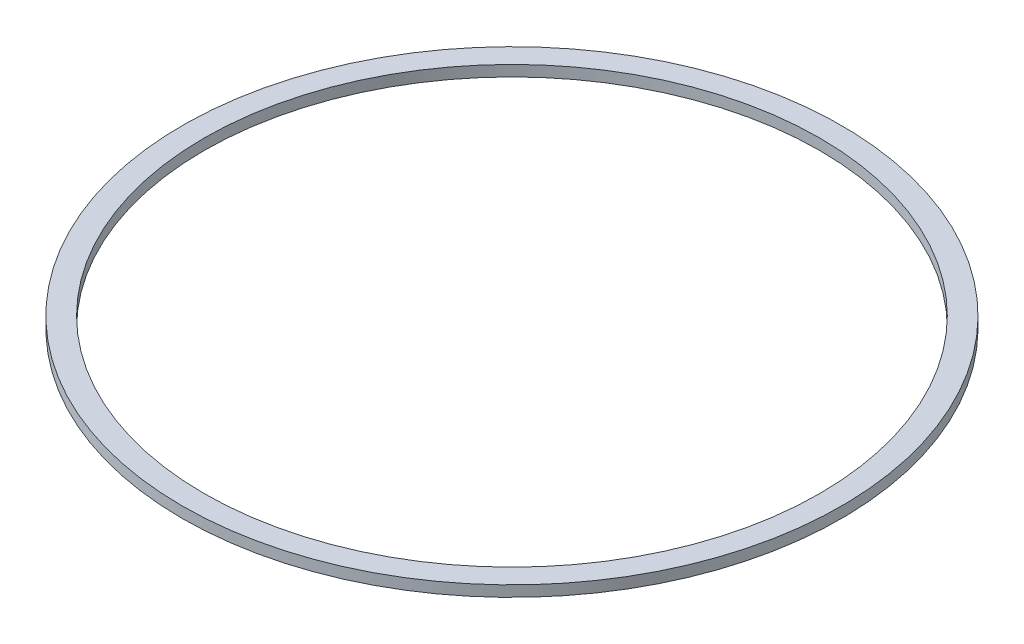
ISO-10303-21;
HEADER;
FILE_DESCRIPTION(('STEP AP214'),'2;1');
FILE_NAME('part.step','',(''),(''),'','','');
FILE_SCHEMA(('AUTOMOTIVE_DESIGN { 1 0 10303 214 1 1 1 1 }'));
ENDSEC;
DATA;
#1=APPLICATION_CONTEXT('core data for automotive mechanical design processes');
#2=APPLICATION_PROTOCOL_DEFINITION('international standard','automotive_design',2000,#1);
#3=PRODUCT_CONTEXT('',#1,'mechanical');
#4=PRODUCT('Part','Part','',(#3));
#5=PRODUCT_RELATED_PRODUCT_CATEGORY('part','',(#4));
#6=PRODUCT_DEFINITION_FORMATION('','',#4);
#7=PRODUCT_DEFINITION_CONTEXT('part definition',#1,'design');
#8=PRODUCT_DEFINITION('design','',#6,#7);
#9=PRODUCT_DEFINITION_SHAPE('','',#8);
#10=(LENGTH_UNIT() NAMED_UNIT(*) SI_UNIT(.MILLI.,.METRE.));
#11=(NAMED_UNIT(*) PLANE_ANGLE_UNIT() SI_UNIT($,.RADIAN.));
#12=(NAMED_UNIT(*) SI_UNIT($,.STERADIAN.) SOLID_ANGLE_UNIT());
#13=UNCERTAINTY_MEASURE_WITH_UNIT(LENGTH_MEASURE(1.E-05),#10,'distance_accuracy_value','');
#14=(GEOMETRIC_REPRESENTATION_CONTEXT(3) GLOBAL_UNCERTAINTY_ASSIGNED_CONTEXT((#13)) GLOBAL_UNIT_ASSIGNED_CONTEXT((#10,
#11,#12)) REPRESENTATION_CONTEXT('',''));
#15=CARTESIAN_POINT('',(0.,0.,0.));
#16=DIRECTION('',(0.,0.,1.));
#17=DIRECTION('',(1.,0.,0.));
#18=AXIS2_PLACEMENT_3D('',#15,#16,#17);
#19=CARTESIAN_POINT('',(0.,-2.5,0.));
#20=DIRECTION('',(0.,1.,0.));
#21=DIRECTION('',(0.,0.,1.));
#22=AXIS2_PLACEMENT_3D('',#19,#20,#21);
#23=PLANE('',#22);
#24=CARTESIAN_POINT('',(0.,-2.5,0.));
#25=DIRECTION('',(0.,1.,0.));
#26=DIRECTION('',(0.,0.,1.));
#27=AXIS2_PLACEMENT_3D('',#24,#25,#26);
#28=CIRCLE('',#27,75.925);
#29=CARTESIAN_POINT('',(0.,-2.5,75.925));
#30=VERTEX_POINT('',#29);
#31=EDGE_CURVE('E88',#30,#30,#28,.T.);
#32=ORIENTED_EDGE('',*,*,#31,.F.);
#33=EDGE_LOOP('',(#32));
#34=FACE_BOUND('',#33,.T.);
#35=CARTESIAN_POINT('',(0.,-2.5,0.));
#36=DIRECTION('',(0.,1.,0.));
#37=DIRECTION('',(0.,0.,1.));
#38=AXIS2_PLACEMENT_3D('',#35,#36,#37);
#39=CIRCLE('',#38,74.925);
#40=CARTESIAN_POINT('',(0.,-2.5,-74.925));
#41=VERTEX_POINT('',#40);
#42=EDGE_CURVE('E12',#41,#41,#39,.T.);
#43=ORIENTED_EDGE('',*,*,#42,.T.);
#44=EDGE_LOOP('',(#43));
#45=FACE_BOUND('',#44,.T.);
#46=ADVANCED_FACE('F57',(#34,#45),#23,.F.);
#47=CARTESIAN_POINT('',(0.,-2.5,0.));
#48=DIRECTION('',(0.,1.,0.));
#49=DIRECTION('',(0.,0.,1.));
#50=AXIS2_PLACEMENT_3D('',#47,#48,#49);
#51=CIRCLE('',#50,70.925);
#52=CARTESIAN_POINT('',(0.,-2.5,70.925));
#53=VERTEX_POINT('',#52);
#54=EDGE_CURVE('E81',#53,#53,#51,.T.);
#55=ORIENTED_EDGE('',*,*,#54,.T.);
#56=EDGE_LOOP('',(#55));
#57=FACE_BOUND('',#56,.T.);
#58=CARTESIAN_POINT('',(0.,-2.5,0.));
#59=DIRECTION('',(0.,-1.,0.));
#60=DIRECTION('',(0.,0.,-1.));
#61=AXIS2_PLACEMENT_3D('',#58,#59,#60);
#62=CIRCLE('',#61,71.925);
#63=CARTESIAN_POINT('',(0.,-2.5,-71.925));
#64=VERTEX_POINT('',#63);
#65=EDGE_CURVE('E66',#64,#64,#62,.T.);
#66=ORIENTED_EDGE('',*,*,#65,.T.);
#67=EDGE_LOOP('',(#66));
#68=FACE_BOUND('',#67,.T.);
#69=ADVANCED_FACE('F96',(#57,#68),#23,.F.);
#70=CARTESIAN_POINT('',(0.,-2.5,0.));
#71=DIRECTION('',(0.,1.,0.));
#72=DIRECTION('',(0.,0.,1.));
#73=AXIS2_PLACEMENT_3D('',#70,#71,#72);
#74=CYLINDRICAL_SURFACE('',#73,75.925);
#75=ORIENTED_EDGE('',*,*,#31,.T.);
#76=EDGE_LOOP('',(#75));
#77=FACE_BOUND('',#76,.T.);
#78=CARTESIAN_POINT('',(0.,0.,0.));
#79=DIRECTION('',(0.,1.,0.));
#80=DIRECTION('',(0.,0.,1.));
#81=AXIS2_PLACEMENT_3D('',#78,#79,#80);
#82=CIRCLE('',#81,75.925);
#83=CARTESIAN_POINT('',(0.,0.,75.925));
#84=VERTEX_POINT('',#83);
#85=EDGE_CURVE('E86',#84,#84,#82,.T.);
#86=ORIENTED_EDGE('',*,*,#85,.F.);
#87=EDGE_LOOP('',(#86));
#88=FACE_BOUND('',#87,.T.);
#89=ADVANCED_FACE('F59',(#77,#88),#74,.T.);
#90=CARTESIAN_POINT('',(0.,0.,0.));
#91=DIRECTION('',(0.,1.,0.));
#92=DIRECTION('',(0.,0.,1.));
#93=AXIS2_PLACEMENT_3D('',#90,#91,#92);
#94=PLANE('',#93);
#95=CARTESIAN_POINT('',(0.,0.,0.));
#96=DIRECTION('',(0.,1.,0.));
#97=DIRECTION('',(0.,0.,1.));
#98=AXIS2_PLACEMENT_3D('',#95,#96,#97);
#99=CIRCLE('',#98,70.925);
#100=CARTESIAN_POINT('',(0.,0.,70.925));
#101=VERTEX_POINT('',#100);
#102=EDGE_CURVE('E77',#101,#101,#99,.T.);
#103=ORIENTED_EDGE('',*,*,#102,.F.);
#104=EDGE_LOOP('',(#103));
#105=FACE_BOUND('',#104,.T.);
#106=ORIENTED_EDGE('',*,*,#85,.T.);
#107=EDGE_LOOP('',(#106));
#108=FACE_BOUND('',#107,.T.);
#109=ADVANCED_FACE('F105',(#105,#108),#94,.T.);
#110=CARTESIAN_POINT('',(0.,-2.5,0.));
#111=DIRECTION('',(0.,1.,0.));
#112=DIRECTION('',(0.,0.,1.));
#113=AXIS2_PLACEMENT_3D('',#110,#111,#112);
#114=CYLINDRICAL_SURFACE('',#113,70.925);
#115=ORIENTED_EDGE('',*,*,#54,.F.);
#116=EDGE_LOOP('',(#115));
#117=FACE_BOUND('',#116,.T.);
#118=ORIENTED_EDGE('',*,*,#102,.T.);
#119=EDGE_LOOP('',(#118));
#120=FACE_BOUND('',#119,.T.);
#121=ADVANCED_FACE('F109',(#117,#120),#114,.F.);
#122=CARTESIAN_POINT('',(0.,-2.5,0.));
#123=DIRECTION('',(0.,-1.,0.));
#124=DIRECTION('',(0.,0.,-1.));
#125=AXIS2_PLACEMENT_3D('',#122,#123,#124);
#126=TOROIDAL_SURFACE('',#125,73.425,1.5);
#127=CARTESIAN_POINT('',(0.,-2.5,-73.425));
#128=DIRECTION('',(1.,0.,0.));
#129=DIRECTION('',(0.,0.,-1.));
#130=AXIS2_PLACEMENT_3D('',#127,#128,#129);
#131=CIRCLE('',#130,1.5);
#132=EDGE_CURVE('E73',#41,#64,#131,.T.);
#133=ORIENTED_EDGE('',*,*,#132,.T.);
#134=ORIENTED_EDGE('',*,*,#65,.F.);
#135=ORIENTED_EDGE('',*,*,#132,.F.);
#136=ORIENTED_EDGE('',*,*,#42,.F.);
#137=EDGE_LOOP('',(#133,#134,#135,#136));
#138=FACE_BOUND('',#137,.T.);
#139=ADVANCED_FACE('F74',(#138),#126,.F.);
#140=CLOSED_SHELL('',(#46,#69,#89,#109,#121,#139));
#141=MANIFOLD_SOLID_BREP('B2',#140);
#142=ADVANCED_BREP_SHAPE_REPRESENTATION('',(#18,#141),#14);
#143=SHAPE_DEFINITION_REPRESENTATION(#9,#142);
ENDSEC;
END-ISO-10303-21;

☆ ☆ ☆ ☆

**Task to carry out**
All lines of the entries above where "CIRCLE" turns up should be reported.

**Task output**
#28=CIRCLE('',#27,75.925);
#39=CIRCLE('',#38,74.925);
#51=CIRCLE('',#50,70.925);
#62=CIRCLE('',#61,71.925);
#82=CIRCLE('',#81,75.925);
#99=CIRCLE('',#98,70.925);
#131=CIRCLE('',#130,1.5);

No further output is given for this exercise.